• _Work task_
Reproduce the material below line by line, beginning with its first line and ending with the line that contains "mat_material_001.diffuse_color = (0.8, 0.001557, 0.01018, 1.0)"; leave out pictures.

** Opening Supplied records block **

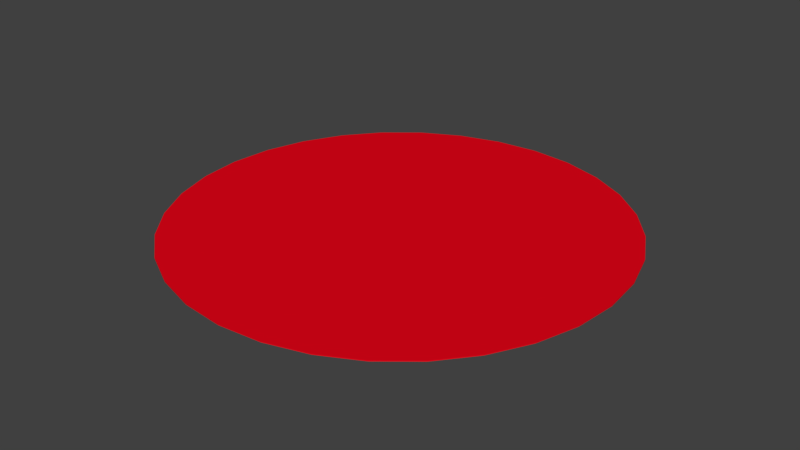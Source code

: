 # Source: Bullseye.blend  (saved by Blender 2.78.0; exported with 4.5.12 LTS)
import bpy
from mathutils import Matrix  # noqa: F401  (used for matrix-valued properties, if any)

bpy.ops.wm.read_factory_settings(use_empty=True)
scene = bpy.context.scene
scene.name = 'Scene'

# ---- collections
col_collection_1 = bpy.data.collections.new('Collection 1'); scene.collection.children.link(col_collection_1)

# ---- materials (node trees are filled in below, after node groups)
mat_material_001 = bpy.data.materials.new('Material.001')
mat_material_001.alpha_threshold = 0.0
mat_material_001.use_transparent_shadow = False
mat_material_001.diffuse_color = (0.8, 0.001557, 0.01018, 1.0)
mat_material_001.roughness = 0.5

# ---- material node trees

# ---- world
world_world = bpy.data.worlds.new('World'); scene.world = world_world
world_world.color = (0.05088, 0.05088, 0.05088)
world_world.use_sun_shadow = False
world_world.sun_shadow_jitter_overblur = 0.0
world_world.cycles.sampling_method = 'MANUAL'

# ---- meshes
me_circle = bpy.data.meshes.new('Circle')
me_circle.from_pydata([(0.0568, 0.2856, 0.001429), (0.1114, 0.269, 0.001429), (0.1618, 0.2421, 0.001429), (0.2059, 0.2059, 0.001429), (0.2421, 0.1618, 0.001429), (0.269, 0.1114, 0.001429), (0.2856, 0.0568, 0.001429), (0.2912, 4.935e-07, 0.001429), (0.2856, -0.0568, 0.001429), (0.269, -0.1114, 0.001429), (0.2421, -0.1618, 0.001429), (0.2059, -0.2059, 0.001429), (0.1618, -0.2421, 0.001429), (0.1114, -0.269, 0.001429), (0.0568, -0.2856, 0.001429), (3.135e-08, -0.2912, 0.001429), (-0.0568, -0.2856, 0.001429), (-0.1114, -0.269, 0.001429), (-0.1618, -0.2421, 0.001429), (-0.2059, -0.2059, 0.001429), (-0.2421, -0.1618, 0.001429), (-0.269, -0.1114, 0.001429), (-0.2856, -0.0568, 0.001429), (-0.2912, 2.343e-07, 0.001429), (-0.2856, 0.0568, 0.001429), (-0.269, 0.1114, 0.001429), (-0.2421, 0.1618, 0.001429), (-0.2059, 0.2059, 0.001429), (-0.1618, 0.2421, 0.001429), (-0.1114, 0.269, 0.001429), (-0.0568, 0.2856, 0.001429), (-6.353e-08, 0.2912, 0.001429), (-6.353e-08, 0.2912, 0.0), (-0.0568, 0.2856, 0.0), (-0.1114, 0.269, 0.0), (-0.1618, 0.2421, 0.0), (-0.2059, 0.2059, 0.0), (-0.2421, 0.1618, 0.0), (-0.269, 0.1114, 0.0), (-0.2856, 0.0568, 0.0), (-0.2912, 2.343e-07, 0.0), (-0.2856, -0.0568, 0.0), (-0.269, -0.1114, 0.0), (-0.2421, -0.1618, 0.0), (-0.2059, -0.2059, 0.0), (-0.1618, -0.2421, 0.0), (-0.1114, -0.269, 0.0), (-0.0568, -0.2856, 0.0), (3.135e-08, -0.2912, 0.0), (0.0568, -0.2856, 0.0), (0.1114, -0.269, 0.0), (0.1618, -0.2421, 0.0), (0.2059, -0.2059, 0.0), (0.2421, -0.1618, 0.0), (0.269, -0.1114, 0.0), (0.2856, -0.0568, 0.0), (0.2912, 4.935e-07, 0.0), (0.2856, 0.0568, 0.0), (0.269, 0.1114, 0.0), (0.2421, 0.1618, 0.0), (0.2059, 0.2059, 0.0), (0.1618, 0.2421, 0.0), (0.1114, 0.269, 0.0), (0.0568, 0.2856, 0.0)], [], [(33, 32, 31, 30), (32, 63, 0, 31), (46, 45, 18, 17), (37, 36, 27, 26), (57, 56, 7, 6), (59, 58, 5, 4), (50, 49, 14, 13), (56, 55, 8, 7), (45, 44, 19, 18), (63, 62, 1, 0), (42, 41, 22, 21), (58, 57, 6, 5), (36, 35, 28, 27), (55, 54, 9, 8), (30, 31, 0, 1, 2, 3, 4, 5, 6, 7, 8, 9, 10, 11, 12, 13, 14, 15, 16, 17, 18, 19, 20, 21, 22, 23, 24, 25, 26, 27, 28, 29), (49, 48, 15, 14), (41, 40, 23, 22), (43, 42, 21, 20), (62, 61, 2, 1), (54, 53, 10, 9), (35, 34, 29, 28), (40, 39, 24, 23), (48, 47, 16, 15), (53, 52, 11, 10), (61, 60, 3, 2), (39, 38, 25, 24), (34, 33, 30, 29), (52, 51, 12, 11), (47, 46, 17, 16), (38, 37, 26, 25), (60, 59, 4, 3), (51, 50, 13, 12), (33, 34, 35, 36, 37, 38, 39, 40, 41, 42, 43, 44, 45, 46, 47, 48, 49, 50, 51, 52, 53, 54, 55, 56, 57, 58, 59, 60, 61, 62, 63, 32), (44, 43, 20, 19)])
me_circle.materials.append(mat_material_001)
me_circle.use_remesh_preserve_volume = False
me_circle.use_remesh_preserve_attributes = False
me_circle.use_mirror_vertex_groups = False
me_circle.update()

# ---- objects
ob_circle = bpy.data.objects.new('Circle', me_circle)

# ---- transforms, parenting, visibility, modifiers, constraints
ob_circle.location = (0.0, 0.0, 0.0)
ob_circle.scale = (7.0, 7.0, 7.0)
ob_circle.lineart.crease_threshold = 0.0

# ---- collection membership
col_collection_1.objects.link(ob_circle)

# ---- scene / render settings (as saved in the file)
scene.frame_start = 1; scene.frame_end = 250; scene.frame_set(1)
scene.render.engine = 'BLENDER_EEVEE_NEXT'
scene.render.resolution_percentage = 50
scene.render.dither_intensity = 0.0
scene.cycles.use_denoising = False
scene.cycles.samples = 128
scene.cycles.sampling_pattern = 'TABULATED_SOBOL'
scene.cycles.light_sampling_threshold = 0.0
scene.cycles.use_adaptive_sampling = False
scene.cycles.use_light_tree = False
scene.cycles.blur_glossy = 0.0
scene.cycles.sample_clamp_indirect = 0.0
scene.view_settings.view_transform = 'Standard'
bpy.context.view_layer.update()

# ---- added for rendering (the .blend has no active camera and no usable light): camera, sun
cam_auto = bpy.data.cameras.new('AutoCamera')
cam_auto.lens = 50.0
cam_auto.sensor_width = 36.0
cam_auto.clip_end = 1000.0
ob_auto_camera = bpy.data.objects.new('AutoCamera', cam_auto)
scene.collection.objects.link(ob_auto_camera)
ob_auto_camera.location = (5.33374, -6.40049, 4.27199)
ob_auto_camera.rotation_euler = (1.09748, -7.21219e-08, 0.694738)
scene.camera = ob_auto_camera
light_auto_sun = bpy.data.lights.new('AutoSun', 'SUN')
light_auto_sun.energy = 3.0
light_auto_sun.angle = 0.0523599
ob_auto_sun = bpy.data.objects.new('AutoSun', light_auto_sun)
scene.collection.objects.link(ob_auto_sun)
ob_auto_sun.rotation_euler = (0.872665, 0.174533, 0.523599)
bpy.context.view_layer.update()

** Closing Supplied records block **

• _Answer box_
Source code

: # Source: Bullseye.blend  (saved by Blender 2.78.0; exported with 4.5.12 LTS)
import bpy
from mathutils import Matrix  # noqa: F401  (used for matrix-valued properties, if any)

bpy.ops.wm.read_factory_settings(use_empty=True)
scene = bpy.context.scene
scene.name = 'Scene'

# ---- collections
col_collection_1 = bpy.data.collections.new('Collection 1'); scene.collection.children.link(col_collection_1)

# ---- materials (node trees are filled in below, after node groups)
mat_material_001 = bpy.data.materials.new('Material.001')
mat_material_001.alpha_threshold = 0.0
mat_material_001.use_transparent_shadow = False
mat_material_001.diffuse_color = (0.8, 0.001557, 0.01018, 1.0)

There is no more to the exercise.